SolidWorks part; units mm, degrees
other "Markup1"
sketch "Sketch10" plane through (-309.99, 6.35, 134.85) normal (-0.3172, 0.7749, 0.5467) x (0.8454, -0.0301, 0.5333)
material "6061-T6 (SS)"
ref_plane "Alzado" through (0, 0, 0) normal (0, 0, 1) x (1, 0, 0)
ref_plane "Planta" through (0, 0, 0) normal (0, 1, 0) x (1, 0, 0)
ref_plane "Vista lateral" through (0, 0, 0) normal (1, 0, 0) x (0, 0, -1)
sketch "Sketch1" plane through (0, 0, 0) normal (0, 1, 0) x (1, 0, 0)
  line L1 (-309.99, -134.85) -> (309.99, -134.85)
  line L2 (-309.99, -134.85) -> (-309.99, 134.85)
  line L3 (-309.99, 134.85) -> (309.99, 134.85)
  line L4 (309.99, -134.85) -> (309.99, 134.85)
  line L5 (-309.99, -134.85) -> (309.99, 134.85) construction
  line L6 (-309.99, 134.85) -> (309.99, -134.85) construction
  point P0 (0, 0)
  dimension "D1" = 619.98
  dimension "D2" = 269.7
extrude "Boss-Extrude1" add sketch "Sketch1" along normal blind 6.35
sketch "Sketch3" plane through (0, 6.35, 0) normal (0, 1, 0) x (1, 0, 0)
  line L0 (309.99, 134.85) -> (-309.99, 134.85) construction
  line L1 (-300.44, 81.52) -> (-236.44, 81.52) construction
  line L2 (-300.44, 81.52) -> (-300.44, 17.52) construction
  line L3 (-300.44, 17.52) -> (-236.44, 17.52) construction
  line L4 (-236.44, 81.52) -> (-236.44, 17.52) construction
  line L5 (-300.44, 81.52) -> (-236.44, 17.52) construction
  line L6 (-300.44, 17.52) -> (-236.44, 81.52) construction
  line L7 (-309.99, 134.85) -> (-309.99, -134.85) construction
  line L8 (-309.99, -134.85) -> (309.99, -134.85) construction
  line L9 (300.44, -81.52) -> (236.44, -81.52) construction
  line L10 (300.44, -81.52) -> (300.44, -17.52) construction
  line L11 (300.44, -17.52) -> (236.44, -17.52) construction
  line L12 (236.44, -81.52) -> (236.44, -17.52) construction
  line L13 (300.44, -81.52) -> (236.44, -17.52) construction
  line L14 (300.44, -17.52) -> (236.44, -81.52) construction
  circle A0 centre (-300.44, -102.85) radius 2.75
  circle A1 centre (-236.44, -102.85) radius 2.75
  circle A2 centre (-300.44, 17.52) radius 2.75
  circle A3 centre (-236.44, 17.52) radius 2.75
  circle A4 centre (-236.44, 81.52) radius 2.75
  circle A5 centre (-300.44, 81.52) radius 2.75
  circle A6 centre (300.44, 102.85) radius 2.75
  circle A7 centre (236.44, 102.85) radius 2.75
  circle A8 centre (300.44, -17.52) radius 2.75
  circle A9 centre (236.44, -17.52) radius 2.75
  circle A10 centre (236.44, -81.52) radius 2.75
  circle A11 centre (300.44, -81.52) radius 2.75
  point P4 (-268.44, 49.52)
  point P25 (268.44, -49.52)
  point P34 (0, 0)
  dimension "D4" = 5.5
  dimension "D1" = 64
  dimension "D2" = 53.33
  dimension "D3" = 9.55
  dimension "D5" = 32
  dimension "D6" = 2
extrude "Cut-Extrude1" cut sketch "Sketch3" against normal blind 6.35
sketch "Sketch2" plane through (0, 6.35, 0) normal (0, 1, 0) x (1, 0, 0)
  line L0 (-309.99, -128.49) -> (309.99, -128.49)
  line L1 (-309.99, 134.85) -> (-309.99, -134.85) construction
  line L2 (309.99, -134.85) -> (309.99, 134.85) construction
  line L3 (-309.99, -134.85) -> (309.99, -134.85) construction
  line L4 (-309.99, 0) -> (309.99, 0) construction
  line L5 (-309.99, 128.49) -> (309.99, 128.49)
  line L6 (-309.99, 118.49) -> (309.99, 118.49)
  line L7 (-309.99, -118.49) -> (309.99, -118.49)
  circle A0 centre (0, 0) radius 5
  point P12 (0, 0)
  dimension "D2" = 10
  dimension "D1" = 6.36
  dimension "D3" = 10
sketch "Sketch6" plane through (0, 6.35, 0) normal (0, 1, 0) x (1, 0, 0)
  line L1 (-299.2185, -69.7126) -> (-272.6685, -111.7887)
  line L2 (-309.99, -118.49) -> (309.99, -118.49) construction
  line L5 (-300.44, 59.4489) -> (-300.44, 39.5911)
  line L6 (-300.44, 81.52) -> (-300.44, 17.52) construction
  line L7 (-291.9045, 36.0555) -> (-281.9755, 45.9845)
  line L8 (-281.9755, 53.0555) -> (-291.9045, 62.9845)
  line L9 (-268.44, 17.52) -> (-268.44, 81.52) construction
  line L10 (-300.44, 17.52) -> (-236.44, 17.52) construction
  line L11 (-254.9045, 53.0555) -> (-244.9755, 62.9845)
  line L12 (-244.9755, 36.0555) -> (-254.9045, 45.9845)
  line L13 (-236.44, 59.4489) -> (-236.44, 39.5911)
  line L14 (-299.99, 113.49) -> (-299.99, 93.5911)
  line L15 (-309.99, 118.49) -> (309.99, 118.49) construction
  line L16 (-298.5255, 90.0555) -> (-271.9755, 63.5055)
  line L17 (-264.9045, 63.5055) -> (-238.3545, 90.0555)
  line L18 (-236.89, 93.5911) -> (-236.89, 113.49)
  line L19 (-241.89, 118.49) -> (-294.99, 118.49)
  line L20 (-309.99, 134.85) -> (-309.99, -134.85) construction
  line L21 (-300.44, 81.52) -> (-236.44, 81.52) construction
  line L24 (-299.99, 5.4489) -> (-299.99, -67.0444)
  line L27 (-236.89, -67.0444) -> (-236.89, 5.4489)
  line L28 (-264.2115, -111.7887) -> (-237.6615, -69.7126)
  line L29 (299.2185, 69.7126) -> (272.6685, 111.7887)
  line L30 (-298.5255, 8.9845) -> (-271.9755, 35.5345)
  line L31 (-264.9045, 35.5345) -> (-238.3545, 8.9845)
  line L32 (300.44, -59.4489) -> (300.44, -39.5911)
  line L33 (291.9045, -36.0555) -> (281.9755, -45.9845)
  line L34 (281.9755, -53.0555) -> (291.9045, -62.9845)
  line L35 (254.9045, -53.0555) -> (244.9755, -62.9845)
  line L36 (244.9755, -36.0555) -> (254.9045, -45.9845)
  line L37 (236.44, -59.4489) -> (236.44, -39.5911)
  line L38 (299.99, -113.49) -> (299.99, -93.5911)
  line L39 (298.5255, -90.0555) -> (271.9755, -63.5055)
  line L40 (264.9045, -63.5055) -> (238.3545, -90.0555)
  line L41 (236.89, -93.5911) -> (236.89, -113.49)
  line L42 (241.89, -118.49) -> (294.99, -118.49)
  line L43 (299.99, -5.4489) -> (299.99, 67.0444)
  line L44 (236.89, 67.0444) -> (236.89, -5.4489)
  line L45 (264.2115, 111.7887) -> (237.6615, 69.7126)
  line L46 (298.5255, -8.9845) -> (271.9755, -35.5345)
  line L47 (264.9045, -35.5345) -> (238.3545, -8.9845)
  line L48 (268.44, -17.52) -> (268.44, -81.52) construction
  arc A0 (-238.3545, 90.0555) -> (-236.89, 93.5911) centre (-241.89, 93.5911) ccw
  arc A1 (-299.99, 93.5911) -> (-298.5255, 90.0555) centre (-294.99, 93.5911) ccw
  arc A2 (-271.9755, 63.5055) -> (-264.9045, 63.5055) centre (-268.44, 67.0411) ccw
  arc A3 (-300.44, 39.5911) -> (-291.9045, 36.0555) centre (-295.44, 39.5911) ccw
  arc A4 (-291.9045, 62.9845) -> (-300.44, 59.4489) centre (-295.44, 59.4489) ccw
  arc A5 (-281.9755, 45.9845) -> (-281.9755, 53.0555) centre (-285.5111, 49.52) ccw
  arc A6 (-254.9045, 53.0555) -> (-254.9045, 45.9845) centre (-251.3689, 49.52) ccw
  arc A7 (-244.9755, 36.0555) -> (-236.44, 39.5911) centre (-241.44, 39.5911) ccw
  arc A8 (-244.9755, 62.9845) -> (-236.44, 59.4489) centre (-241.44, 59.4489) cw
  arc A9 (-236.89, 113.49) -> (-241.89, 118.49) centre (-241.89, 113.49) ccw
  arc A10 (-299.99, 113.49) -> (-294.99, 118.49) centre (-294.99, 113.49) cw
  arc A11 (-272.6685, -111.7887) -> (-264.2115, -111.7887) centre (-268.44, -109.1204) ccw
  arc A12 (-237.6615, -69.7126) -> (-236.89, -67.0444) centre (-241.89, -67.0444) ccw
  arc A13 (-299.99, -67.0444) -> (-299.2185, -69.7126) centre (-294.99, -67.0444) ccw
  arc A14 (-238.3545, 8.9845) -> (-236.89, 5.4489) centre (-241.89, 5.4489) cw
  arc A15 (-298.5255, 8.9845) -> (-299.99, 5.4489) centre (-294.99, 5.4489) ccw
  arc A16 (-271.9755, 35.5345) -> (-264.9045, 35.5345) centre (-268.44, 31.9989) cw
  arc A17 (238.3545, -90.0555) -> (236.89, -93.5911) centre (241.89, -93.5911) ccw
────
Assignment - Beginning with the first line of the listing above, print each line exactly until you have printed the line that contains "line L4 (309.99, -134.85)".

Response to this task -
SolidWorks part; units mm, degrees
other "Markup1"
sketch "Sketch10" plane through (-309.99, 6.35, 134.85) normal (-0.3172, 0.7749, 0.5467) x (0.8454, -0.0301, 0.5333)
material "6061-T6 (SS)"
ref_plane "Alzado" through (0, 0, 0) normal (0, 0, 1) x (1, 0, 0)
ref_plane "Planta" through (0, 0, 0) normal (0, 1, 0) x (1, 0, 0)
ref_plane "Vista lateral" through (0, 0, 0) normal (1, 0, 0) x (0, 0, -1)
sketch "Sketch1" plane through (0, 0, 0) normal (0, 1, 0) x (1, 0, 0)
  line L1 (-309.99, -134.85) -> (309.99, -134.85)
  line L2 (-309.99, -134.85) -> (-309.99, 134.85)
  line L3 (-309.99, 134.85) -> (309.99, 134.85)
  line L4 (309.99, -134.85) -> (309.99, 134.85)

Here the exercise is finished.